A while ago now I gave a seminar at work called something like The joys of science blogging. (Well, I enjoy it!) It was basically a case for the benefits to scientists and the community of having researchers who also blog about their science from time to time. Don’t think I made any converts at the time but I’m slowly putting the makings of a paper on the subject together & of course that entails doing a bit of reading.
One of those papers got me thinking around the complex reasons why people may choose to start writing a web-log, something described by the authors (who very kindly provided me with a whole bunch of reading as my institution doesn’t subscribe to the relevant journals) as
personal Web pages, usually frequently modified, in which an individual posts information about himself or herself or about topics of interest (Baker & Moore, 2008).
Baker & Moore also comment that
blogs have been described as a medium for planning and organising ideas, and processing emotionally charged situations while engaging in cathartic venting and emotional expression.
Now, I guess my blog (blogs, counting Talking Teaching as well) does tell readers a bit about me: if they’ve followed it for a while they’ll know I have pets, a partner, children; that I’m a trained teacher, interested in education, & a biologist, interested in all things biological & in evolution as an organising, explanatory theme; & that I get really irritated by pseudoscience But my reasons for blogging had nothing to do with wanting to share my personal life (so I don’t, much – just enough, I hope, for people to see me as an individual person) & everything to do with science communication, so I was interested to see why the people in Baker & Moore’s study got into it.
Their participants – non-bloggers & intending bloggers – were users of the social networking site MySpace: 75 men & 59 women, with an average age of 24.5 years (rather younger than most of the bloggers in my own ‘circle’).
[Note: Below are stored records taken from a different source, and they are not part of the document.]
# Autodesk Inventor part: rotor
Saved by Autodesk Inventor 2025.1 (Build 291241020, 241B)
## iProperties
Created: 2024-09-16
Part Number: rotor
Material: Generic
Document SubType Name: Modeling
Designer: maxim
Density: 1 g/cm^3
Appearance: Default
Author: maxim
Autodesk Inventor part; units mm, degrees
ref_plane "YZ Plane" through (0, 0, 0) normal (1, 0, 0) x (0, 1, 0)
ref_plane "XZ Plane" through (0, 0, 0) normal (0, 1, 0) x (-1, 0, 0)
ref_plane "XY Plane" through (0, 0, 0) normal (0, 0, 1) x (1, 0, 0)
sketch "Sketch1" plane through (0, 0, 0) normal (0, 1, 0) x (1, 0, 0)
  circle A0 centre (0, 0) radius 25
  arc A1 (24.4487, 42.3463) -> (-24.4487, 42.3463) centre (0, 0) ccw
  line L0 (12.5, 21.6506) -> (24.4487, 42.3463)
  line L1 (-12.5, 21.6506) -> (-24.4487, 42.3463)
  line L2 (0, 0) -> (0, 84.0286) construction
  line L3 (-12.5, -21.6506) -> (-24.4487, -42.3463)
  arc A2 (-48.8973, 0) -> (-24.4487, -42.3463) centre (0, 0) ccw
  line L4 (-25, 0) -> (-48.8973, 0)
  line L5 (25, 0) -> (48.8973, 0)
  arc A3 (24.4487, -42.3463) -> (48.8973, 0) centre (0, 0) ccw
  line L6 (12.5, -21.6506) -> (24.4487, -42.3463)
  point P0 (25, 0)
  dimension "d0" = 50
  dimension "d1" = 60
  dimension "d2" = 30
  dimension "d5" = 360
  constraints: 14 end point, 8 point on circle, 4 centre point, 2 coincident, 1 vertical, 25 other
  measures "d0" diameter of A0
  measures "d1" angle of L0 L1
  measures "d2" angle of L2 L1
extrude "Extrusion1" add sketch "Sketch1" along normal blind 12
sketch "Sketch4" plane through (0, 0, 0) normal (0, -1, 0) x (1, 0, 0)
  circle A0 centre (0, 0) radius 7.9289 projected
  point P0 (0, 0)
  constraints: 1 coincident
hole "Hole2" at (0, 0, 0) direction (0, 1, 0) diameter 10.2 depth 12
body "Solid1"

The researchers were interested in any differences in measures of psychological distress between the 2 groups, as blogging could be described as a form of journal-writing and that writing a journal can have a therapeutic role. They note that a major difference between ‘journalling’ and blogging is that the latter is public & offers an opportunity for dialogue with readers. (I’d amend this to “usually offers such opportunities” – some blogs are either heavily moderated, so that any ‘dialogue’ is highly artificial and biased, or else don’t allow comments at all.) Because of this, Baker & Moore wondered if one reason for blogging was to seek or enhance social support mechanisms for the writer.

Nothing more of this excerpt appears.